→ **What you are asked to do**
In the material below, which lines hold the word "from"? Pick each one out.

════

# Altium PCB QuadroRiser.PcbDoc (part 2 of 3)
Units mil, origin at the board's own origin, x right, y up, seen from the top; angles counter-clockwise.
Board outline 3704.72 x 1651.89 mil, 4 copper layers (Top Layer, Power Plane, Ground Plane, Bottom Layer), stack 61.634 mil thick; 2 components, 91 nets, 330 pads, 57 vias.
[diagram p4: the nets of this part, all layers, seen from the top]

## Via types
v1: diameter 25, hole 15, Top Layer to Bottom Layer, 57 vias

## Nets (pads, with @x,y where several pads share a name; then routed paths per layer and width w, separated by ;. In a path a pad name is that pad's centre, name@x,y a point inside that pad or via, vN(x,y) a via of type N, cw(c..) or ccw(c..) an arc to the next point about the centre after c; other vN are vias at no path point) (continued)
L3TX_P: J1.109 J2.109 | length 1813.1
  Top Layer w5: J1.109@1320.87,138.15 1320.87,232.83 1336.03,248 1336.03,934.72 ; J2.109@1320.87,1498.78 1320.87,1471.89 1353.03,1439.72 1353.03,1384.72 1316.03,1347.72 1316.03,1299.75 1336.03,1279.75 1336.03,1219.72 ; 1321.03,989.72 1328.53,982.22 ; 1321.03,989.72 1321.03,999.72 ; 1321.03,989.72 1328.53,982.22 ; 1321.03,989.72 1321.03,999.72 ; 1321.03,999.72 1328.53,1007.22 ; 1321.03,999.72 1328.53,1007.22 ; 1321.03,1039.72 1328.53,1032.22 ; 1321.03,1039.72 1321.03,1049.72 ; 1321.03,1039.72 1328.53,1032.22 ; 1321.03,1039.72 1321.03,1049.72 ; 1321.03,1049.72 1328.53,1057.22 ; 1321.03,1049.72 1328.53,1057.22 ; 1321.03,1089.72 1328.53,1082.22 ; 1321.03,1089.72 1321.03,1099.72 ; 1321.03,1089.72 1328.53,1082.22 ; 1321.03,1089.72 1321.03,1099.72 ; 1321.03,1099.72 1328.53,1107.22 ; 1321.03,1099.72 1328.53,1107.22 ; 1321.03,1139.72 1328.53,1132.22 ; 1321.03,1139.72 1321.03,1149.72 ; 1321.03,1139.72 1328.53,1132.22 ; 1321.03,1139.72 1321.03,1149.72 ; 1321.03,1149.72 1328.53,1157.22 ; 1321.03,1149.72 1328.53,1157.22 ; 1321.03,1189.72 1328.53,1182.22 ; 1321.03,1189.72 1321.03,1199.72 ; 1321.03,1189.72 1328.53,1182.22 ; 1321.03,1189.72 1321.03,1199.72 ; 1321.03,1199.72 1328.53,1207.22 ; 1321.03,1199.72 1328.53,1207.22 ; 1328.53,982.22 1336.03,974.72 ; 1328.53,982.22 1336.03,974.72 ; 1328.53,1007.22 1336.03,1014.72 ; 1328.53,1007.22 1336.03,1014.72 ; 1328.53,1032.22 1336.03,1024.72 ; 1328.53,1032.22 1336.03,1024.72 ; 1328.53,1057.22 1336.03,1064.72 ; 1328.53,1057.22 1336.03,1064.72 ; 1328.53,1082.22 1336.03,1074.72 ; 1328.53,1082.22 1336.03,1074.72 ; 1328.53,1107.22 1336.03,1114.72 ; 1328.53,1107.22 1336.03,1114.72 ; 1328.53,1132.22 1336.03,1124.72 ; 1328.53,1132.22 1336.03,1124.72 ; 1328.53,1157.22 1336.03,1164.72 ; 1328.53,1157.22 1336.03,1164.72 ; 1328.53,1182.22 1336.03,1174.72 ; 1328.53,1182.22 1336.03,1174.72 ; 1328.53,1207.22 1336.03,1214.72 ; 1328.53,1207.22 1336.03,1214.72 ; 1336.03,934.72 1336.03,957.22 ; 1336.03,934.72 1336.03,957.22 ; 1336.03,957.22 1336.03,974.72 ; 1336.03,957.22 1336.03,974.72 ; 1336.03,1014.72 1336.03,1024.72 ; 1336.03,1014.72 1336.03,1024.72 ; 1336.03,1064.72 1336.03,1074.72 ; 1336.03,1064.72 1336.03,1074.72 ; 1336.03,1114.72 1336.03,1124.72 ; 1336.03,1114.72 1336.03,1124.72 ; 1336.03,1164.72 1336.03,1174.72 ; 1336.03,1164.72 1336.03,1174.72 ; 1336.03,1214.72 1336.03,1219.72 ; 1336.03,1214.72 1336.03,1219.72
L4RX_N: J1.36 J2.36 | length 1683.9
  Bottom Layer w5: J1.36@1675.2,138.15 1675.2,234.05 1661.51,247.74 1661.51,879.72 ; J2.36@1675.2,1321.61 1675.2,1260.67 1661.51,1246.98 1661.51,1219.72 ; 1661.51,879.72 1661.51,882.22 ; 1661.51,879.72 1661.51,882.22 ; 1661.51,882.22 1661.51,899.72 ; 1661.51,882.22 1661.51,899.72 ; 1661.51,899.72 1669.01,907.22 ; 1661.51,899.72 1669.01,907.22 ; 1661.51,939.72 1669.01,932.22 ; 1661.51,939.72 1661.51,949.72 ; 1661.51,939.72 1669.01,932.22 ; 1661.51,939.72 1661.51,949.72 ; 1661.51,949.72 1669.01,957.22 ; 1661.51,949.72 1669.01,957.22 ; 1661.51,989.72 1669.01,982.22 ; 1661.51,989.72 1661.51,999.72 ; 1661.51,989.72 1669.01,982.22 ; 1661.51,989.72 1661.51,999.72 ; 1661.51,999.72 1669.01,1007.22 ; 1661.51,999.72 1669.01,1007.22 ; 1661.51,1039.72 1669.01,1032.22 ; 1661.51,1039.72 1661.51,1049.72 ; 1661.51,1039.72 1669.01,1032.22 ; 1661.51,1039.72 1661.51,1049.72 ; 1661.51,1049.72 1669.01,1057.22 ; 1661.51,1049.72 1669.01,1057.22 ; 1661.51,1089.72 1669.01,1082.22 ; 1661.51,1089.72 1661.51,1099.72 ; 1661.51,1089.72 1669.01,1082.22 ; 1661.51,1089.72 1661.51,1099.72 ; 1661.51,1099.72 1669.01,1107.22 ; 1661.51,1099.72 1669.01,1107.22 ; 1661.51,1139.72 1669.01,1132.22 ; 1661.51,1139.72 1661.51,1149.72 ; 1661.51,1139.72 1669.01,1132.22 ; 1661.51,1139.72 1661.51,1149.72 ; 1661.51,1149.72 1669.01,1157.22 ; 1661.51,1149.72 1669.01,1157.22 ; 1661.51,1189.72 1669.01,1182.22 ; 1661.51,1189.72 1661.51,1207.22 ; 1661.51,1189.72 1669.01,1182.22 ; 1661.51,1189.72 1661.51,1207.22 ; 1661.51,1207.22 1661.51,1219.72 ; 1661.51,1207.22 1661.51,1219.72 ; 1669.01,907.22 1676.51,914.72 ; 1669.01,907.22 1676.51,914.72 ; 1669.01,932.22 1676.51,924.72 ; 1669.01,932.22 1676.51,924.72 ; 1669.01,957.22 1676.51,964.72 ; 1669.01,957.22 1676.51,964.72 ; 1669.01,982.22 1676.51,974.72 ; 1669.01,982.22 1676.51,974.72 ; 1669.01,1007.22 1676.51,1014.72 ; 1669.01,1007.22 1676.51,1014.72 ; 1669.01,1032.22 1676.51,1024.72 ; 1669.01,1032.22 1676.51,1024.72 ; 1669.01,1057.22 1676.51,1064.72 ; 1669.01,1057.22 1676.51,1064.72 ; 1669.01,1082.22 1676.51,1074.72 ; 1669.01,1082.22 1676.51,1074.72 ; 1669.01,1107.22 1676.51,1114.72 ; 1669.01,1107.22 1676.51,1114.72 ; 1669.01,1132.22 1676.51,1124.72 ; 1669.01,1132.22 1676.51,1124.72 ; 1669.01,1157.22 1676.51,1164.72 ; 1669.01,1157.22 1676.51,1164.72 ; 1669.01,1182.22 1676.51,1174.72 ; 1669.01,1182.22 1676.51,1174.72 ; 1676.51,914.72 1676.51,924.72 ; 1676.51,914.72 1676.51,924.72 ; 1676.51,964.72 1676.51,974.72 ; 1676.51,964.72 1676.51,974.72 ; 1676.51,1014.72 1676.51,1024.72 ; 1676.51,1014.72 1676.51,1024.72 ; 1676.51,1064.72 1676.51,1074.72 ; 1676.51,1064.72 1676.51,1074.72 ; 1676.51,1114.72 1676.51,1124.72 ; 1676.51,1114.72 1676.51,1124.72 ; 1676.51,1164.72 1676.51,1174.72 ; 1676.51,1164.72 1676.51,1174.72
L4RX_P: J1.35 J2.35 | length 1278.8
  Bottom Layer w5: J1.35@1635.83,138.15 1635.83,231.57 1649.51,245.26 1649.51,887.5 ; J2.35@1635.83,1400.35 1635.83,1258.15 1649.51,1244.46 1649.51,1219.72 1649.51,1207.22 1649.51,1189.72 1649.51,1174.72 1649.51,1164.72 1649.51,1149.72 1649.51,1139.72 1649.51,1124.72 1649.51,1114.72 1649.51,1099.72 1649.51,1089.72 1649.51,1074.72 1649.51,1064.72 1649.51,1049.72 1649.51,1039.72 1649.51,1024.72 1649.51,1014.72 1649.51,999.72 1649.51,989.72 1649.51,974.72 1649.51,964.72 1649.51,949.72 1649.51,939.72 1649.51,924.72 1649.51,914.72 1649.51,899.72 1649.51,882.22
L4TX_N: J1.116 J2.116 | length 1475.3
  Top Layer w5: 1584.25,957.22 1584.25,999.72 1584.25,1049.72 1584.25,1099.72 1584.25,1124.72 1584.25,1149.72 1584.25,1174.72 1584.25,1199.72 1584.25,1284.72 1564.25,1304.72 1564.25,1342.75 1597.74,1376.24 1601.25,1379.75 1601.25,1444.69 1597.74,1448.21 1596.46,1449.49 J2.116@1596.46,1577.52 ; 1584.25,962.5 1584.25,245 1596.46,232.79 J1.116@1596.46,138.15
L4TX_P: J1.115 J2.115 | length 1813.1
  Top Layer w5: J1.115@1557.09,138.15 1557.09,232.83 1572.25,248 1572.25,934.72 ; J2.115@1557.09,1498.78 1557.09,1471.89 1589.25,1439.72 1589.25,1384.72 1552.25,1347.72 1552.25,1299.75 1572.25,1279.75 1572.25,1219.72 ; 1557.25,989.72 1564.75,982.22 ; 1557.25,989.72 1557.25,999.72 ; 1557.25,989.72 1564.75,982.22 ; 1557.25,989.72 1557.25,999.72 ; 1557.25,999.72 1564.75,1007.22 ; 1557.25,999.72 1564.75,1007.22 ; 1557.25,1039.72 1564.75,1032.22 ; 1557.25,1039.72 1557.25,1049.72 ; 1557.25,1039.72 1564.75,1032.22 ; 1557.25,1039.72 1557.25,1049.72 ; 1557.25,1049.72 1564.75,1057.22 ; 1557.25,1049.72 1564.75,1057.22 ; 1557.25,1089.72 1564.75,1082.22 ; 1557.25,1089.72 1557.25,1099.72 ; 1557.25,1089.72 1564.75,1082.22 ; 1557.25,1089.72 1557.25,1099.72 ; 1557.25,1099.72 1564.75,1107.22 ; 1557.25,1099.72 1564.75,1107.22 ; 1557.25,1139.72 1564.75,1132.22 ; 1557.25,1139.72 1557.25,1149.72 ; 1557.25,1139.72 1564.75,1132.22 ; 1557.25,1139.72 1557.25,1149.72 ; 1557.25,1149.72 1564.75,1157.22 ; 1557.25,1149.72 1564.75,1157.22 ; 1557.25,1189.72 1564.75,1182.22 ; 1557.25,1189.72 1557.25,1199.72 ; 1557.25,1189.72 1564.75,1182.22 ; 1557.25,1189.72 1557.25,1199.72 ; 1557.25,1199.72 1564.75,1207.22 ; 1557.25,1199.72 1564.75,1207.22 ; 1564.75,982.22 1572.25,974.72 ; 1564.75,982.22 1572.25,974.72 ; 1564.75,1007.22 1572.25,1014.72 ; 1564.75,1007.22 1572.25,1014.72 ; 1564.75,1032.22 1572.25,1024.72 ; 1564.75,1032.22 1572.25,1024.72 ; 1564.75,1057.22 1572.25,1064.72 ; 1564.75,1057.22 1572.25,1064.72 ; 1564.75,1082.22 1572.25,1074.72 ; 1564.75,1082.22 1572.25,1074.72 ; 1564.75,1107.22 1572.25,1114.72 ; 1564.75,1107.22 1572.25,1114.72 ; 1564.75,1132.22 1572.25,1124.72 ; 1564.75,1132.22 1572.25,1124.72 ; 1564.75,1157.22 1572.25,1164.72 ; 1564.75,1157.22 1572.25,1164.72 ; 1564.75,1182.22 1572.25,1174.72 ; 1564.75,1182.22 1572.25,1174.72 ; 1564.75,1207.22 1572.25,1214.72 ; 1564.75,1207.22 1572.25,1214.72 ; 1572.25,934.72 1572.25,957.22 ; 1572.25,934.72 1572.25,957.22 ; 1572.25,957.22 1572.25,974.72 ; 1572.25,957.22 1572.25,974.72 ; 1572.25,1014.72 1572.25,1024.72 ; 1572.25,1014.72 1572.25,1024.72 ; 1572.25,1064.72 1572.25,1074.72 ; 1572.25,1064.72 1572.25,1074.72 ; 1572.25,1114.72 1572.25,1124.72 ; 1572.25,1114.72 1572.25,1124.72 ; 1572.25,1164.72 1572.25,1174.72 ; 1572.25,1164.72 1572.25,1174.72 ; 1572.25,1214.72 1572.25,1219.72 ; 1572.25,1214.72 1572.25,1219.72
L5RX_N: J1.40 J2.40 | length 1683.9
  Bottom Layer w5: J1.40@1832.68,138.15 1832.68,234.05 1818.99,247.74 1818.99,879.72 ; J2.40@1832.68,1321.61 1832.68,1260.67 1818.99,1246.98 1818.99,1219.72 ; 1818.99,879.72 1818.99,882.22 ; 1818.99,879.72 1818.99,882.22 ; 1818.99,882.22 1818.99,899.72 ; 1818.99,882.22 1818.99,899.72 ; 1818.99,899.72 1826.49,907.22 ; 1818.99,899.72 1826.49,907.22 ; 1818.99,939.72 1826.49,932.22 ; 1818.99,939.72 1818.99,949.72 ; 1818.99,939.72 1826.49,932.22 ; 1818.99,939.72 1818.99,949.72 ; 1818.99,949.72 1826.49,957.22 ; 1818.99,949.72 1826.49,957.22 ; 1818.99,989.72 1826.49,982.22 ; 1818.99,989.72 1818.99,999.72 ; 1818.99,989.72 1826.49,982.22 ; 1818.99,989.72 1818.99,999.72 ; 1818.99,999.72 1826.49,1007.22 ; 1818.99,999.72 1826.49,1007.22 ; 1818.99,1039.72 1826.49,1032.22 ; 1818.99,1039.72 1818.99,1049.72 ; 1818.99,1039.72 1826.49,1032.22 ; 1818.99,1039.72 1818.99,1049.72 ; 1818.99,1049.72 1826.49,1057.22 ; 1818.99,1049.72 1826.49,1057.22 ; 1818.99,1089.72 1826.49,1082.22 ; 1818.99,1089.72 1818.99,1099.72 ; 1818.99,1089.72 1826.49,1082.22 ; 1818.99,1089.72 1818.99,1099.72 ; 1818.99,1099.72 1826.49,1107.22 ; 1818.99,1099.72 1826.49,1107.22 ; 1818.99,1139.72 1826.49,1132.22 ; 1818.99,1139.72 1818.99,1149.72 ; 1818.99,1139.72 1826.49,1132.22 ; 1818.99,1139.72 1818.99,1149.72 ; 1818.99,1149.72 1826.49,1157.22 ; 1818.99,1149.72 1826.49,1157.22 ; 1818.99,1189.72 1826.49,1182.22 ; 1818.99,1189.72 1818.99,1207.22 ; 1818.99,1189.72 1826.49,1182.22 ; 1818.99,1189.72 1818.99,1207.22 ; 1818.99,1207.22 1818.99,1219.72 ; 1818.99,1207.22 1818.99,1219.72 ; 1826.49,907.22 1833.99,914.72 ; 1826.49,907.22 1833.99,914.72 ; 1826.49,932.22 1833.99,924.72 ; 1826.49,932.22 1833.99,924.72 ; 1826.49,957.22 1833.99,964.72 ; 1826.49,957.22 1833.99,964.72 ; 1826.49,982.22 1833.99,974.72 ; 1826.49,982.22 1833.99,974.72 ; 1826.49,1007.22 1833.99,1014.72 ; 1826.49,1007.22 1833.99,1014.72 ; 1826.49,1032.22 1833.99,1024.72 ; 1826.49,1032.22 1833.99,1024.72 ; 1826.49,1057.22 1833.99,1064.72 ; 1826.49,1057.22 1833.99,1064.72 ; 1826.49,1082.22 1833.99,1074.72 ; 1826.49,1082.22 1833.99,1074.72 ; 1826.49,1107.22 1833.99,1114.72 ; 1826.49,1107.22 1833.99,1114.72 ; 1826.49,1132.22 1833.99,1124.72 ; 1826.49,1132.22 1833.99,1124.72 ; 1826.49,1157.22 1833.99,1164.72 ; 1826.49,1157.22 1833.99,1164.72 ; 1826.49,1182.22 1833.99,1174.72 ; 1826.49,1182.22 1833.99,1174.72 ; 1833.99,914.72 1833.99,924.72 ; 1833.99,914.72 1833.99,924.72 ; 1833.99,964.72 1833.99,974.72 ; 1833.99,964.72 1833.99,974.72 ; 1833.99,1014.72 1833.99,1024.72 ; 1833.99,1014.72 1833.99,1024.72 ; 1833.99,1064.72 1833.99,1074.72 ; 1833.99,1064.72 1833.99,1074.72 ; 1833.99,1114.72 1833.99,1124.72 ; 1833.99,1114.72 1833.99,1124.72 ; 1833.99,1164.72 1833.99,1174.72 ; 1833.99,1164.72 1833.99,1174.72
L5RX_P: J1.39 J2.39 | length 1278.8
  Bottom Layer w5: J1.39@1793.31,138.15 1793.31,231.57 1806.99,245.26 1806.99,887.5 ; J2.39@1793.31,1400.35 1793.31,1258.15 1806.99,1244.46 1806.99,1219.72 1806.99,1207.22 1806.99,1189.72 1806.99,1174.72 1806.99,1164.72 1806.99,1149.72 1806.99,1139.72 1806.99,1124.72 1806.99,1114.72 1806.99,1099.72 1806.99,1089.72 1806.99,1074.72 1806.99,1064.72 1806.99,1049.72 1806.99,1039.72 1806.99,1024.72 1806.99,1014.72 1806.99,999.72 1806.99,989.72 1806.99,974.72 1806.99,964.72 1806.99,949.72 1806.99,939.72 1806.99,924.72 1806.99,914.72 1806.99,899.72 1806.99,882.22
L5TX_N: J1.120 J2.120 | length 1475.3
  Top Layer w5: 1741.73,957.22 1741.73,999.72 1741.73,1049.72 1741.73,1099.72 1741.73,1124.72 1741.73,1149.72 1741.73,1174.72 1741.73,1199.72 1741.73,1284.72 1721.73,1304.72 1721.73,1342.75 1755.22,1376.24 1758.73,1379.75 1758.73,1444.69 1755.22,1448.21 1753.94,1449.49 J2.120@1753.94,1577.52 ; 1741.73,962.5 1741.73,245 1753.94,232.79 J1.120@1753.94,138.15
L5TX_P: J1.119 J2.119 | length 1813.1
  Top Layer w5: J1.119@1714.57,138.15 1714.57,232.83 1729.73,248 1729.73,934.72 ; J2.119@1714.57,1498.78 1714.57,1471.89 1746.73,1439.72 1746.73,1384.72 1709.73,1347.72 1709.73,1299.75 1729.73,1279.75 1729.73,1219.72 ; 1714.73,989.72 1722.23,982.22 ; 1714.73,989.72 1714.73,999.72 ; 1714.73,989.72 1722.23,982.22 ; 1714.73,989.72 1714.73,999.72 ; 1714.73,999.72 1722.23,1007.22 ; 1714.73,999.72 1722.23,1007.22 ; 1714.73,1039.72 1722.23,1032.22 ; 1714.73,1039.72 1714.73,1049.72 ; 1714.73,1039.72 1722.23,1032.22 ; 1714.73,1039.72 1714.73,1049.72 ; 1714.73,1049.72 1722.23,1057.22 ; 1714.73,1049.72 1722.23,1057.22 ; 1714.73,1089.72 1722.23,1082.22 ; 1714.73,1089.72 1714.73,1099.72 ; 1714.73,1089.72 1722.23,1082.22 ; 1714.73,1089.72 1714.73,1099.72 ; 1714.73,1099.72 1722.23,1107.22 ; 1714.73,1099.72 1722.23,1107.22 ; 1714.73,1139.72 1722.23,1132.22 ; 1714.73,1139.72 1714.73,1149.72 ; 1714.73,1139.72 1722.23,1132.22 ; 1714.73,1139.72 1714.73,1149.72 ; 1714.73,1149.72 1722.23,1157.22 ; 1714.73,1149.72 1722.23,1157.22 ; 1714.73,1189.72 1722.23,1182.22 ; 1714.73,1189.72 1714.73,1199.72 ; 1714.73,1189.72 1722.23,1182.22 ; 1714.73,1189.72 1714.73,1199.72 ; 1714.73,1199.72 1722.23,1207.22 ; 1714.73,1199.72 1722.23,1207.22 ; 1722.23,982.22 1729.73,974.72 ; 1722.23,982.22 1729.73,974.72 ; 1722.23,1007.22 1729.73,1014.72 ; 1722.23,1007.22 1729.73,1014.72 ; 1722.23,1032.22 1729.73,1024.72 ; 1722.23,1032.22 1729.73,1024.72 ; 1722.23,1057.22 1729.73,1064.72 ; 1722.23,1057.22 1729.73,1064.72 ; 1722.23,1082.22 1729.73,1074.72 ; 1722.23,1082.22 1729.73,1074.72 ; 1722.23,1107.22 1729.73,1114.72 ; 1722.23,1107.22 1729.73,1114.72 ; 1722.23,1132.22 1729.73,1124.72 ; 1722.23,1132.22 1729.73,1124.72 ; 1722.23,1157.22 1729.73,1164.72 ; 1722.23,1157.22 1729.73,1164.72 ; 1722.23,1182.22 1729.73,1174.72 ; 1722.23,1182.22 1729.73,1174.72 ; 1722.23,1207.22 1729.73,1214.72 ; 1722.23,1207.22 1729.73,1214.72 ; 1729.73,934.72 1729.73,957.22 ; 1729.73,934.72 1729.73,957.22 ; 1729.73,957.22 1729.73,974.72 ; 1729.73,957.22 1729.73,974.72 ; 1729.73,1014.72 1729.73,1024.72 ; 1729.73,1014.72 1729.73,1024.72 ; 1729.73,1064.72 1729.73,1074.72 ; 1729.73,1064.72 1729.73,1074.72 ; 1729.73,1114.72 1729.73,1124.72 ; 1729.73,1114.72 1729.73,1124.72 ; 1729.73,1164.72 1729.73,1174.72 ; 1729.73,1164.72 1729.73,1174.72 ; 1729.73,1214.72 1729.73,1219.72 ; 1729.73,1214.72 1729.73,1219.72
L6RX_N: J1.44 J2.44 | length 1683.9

════

→ **Result of this task**
Units mil, origin at the board's own origin, x right, y up, seen from the top; angles counter-clockwise.
[diagram p4: the nets of this part, all layers, seen from the top]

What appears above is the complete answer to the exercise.